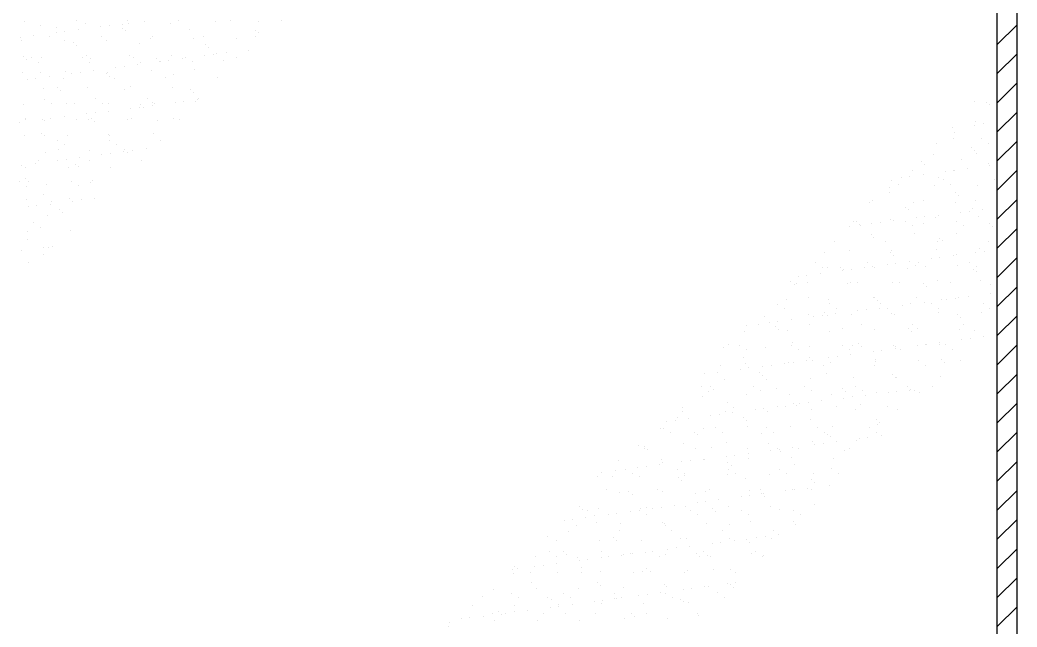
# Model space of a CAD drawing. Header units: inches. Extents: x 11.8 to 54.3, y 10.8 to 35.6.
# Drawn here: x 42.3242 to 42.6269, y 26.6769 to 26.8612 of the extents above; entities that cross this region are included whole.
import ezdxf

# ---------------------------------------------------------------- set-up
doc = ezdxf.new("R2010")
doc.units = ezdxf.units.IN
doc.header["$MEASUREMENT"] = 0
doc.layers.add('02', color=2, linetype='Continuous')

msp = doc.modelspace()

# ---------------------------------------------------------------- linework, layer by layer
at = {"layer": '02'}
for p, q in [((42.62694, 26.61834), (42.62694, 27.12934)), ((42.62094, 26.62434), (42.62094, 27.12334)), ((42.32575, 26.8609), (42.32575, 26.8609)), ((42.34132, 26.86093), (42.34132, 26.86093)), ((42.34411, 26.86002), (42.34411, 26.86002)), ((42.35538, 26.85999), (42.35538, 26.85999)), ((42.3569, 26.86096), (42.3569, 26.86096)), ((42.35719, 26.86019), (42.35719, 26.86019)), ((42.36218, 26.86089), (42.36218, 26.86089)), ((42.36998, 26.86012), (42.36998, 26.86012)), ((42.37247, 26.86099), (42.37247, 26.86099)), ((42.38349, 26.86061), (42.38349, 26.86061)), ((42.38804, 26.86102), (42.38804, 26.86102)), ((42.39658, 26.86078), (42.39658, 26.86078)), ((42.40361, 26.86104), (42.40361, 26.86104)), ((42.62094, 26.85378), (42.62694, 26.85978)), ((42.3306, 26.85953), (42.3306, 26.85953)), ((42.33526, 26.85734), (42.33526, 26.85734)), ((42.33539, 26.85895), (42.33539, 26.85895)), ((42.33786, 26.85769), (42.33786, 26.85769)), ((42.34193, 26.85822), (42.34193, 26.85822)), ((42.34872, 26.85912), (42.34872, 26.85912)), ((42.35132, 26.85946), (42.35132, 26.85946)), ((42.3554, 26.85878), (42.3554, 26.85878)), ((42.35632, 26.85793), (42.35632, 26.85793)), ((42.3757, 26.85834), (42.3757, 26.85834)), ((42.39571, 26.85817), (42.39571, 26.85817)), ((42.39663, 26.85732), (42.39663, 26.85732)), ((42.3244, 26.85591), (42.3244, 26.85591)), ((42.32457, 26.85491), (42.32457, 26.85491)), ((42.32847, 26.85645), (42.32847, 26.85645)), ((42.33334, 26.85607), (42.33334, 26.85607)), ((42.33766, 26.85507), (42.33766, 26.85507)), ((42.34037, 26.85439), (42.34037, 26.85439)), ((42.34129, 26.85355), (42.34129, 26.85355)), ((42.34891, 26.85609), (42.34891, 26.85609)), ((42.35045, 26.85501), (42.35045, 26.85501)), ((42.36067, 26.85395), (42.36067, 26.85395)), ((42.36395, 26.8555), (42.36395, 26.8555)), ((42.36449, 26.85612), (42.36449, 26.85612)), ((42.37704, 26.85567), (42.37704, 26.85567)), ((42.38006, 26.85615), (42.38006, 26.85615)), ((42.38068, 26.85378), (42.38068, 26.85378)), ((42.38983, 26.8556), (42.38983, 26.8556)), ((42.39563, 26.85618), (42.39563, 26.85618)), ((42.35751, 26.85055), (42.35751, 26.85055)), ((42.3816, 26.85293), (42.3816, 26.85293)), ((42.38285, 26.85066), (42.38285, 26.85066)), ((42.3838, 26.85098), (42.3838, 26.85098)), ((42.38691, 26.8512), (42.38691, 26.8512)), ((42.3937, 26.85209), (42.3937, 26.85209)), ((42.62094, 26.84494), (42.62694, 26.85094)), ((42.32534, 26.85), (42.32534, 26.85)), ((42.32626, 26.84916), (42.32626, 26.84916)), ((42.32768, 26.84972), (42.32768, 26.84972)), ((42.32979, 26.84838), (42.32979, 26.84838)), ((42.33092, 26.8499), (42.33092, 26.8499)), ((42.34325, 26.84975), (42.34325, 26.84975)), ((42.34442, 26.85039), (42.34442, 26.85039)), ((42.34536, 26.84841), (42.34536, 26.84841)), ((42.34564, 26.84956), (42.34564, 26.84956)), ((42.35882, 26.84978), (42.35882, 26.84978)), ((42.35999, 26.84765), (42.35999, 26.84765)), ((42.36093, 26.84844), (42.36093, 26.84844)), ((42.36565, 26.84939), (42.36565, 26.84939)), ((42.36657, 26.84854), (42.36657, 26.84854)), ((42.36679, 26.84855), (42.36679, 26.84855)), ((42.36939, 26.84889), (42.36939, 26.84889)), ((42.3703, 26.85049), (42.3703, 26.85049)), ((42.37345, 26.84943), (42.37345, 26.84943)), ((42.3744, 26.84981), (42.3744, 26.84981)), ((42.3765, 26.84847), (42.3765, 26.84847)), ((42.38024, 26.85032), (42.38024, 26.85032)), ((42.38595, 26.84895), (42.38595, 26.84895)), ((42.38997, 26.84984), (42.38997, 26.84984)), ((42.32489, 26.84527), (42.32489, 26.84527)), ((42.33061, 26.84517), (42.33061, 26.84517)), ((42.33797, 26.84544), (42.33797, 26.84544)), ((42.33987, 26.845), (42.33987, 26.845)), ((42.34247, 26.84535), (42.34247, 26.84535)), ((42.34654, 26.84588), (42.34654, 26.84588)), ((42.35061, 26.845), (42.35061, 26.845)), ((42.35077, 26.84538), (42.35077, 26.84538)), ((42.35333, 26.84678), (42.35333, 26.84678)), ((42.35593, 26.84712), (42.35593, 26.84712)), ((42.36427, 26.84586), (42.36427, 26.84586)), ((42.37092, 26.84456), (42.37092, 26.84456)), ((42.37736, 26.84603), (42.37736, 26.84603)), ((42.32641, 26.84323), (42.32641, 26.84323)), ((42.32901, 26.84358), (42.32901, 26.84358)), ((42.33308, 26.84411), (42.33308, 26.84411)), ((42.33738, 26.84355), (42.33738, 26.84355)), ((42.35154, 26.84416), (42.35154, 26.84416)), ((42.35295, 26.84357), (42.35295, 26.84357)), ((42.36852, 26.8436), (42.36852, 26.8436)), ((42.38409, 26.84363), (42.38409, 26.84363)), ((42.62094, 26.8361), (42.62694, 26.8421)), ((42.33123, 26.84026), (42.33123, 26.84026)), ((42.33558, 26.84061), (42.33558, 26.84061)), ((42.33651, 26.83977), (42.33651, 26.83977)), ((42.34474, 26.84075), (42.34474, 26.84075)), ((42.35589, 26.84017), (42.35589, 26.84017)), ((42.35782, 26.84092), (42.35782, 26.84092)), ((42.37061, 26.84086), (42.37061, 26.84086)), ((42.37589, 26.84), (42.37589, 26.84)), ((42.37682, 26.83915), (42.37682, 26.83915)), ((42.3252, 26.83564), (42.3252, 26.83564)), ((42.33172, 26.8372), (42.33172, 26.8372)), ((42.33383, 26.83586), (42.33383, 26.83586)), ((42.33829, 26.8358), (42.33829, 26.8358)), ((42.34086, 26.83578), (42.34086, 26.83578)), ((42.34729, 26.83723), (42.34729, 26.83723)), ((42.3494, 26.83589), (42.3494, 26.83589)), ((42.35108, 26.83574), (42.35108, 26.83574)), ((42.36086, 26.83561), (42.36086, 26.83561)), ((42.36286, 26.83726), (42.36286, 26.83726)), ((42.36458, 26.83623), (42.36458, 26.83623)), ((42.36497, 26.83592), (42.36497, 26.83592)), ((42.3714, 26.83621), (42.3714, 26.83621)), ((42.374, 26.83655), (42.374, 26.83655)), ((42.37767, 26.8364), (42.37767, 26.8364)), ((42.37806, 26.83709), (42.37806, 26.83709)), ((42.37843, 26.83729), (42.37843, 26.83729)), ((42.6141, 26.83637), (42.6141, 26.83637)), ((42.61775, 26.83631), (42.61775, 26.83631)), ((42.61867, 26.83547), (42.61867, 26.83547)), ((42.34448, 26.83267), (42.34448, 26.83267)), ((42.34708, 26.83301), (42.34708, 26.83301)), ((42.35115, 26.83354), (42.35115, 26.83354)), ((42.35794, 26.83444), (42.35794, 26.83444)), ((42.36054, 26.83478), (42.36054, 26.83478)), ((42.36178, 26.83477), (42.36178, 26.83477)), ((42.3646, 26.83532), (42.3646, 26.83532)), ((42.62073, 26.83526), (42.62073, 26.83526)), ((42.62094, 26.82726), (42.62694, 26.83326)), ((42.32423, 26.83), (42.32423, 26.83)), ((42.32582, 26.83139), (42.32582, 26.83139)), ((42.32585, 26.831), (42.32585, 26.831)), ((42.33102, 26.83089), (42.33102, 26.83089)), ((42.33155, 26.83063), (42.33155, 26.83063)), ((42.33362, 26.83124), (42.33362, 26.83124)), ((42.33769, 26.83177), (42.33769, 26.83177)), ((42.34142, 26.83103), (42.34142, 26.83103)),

Task statement » Exactly how many lines of the listing hold the word "ezdxf"? State only the number.

Result » 3